Surface de tuilage : La surface de tuilage entre deux individus doit être réduite au minimum avec comme raison préalable la solidité de l’assise et la discrétion des vides visibles entre eux. Les individus groupés occupent autant d’espaces qu’ils le peuvent mais ne sauraient mettre en péril la solidité de leurs corps ainsi formé et risquer un effet domino, un trou de lumière ou d’obscurité.
Nota : Il possible et envisageable que le tuilage se fasse sans contact, qu’à l’instar des rangs un espace discret soit entre deux individus. Pour conserver l’aspect lisse de l’assemblage en restant à la position primaire d’observation il faut alors imaginer un agencement dont le vide se trouve sur z, dans la profondeur tandis que la zone de tuillage prise sur x reste la même voir légèrement supérieur du fait de la parallaxe.

38 Comments

  • Symphonie….dur…apport sonore..pièce sonores…le son!

    Le découpage en fréquence est encore à réfléchir…
    Fréquence/couleur
    Fréquence/emplacement
    ….

    Je pense que le volume doit être plutôt stable et englobant…jamais trop fort ou seulement lors des improvisations…mais en phase ‘installation’ (avec visiteurs)plutôt constant avec peu de variations de volume sonore.

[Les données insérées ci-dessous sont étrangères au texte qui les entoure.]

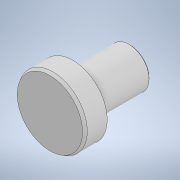
# Autodesk Inventor part: Totmannknopf
Saved by Autodesk Inventor 2021 (Build 250183000, 183)
## iProperties
Created: 2021-07-19
Part Number: Totmannknopf
Material: Generisch
Document SubType Name: Modeling
Designer: Lars-Ole
Density: 1 g/cm^3
Appearance: Vorgabe
Author: Lars-Ole
Autodesk Inventor part; units mm, degrees
ref_plane "YZ Plane" through (0, 0, 0) normal (1, 0, 0) x (0, 1, 0)
ref_plane "XZ Plane" through (0, 0, 0) normal (0, 1, 0) x (-1, 0, 0)
ref_plane "XY Plane" through (0, 0, 0) normal (0, 0, 1) x (1, 0, 0)
sketch "Skizze1" plane through (0, 0, 0) normal (0, 0, 1) x (1, 0, 0)
  line L0 (-2.05, 0.55) -> (2.05, 0.55)
  line L1 (2.05, 0.55) -> (2.05, -0.55)
  line L2 (2.05, -0.55) -> (-2.05, -0.55)
  line L3 (-2.05, -0.55) -> (-2.05, 0.55)
  line L4 (-0.65, 2.05) -> (0.65, 2.05)
  line L5 (0.65, 2.05) -> (0.65, -2.05)
  line L6 (0.65, -2.05) -> (-0.65, -2.05)
  line L7 (-0.65, -2.05) -> (-0.65, 2.05)
  circle A0 centre (0, 0) radius 3.5
  line L8 (-4.9, 0) -> (4.9, 0) construction
  line L9 (0, -4.9) -> (0, 4.9) construction
  point P0 (0.65, -0.55)
  point P1 (-0.65, -0.55)
  point P2 (-0.65, 0.55)
  point P3 (0.65, 0.55)
  dimension "d0" = 1.3
  dimension "d1" = 1.1
  dimension "d2" = 4.1
  dimension "d3" = 4.1
  dimension "d4" = 7
  constraints: 16 end point, 4 parallel, 2 horizontal, 2 perpendicular, 1 centre point, 1 coincident, 4 other
  measures "d0" distance of L4.start L4.end
  measures "d1" distance of L0.end L1.end
  measures "d2" distance between parallel lines of L6 L4
  measures "d3" distance between parallel lines of L3 L1
  measures "d4" diameter of A0
extrude "Extrusion1" add sketch "Skizze1" along normal blind 5
sketch "Skizze2" plane through (0, 0, 5) normal (0, 0, 1) x (1, 0, 0)
  circle A0 centre (0, 0) radius 3.5 projected
extrude "Extrusion2" add sketch "Skizze2" along normal blind 5
sketch "Skizze3" plane through (0, 0, 10) normal (0, 0, 1) x (1, 0, 0)
  circle A0 centre (0, 0) radius 6
  dimension "d9" = 12
  constraints: 1 centre point, 1 coincident
  measures "d9" diameter of A0
extrude "Extrusion3" add sketch "Skizze3" along normal blind 4
chamfer "Fase1" distance 0.3 angle 60 1 edges at (-6, 0, 14) measured on face at (-0.7092, 1.4219, 14)
fillet "Rundung1" radius 0.3 1 edges at (-3.5, 0, 10)
chamfer "Fase2" distance 0.2 angle 45 1 edges at (-3.5, 0, 0)
fillet "Rundung2" radius 0.3 4 edges at (0.65, -0.55, 2.5) (-0.65, -0.55, 2.5) (0.65, 0.55, 2.5) (-0.65, 0.55, 2.5)
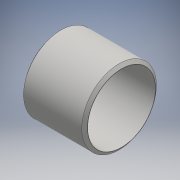
# Autodesk Inventor part: Rear Head Pipe
Saved by Autodesk Inventor 2016 (Build 200138000, 138)
## iProperties
Created: 2018-11-05
Part Number: Rear Head Pipe
Material: Steel ASTM A53 Gr.B
Document SubType Name: Modeling
Designer: asus
Density: 7.58 g/cm^3
Appearance: Plate(1)
Mass: 38975.2 g
Surface Area: 6569.07 cm^2
Volume: 5141.85 cm^3
Author: asus
Autodesk Inventor part; units mm, degrees
ref_plane "YZ Plane" through (0, 0, 0) normal (1, 0, 0) x (0, 1, 0)
ref_plane "XZ Plane" through (0, 0, 0) normal (0, 1, 0) x (-1, 0, 0)
ref_plane "XY Plane" through (0, 0, 0) normal (0, 0, 1) x (1, 0, 0)
sketch "Sketch1" plane through (0, 0, 0) normal (0, 0, 1) x (1, 0, 0)
  line L0 (-498.0346, 0) -> (498.0346, 0)
  line L1 (-138.4197, 177.8) -> (138.4197, 177.8)
  line L2 (138.4197, 177.8) -> (150, 162.7083)
  line L3 (-150, 161.1083) -> (150, 161.1083)
  line L4 (150, 161.1083) -> (150, 162.7083)
  line L5 (-150, 161.1083) -> (-150, 162.7083)
  line L6 (-150, 162.7083) -> (-138.4197, 177.8)
  point P0 (0, 0)
  point P1 (0, 0)
  point P2 (0, 177.8)
  point P3 (0, 161.1083)
  dimension "d0" = 355.6
  dimension "d1" = 322.2165
  dimension "d2" = 1.6
  dimension "d3" = 37.5
  dimension "d5" = 1.6
  dimension "d6" = 37.5
  dimension "d7" = 300
  constraints: 14 end point, 3 midpoint, 2 coincident, 2 horizontal, 2 vertical alignment, 1 perpendicular
  measures "d0" diameter of L1 L0
  measures "d1" diameter of L3 L0
  measures "d2" distance of L3.end L2.end
  measures "d3" angle of L4 L2
  measures "d5" distance of L3.start L5.end
  measures "d6" angle of L5 L6
  measures "d7" distance of L3.start L3.end
revolve "Revolution1" add sketch "Sketch1" angle 360 about axis through (-498.0346, 0, 0) along (1, 0, 0)
body "Solid1"

    Si on imagine une interaction entre le pièce et les visiteurs ne faudrait-il pas imaginer une amplification multiple donc aux casques ?

    • Ok pour le vocabulaire ! Noté et d’accord.

      Je te propose des pistes pour le son en rapport avec les éléments d’ici demain aprem.

      Je pense aussi à un rendu au casque. Que ce soit pour un « concert » ou une « installation »

  • Le truc,que j’aimerai c’est que toi tu puisses jouer des sons avec la lumière et moi bouger la lumière avec les sons comme une sorte de jeu ou on pourrait se neutraliser où s’´harmoniser’ plus ou moins …

    • Oui bien sûr on va chercher une intrication des deux (pour pouvoir jouer ensemble). Je me demande si sur la partie « installation » on pourrait imaginer un truc comme le thérémine, où les déplacements seraient la cause des variations (son et couleur) et entre elles… je sais pas sur 2 axes x=ondes lumières y=ondes sonores…

      • Et je n’oublie pas avant de commencer la lecture ce fait :
        Alors que l’association des notes mêlées créée un accord, discernable comme composé le mélange des couleurs crée une nouvelle couleur dont les éléments sont eux indiscernables (sauf par moi qui suis trop balèze)…

  • Les déplacements :visiteurs seulement face à la pièce picturale (avant arrière droite gauche)

    Je sais pas si l’interaction des visiteurs vis à vis de leur déplacement est pertinent….(Beaucoup vu ..non?)
    Un truc aléatoire me semble tout aussi bien!

      • Je vois, mais l’aléatoire me semble aussi limité, passif. J’aimerai que le poids du spectateur, sa présence, un truc influe sur l’ensemble. Les deux ? Lui laisser un choix ? Spectateur ou acteur…
        En laissant des commandes numériques (il peut faire ce que l’on va faire= changer la lumière et le son) ?

          • En revenant sur ce qui a été dit plus haut on peut envisager ceci :
            Ce qui peut changer pour l’auditeur c’est sa position de spectateur.
            La V.R. est sonore (casque).
            Si il (le spectateur) est par exemple face à la pièce plastique il verra un espace uni constitué de milliers de papiers et entendra un son continu composé d’autant de sons.
            S’il se déplace et qu’il se trouve par exemple sur le côté alors il verra, de profil, quelques rangs espacés et fuyants. Le son entendu sera discontinu (espaces), « distordu » (en fonction de la perspective), et composé d’autant de sons que de papier que ce point de vue le lui permet.
            La composition générale (sonore et visuelle) peut être aléatoire ou écrite. Le monde ne change pas c’est seulement la perception que nous en avons qui varie selon la position que nous occupons…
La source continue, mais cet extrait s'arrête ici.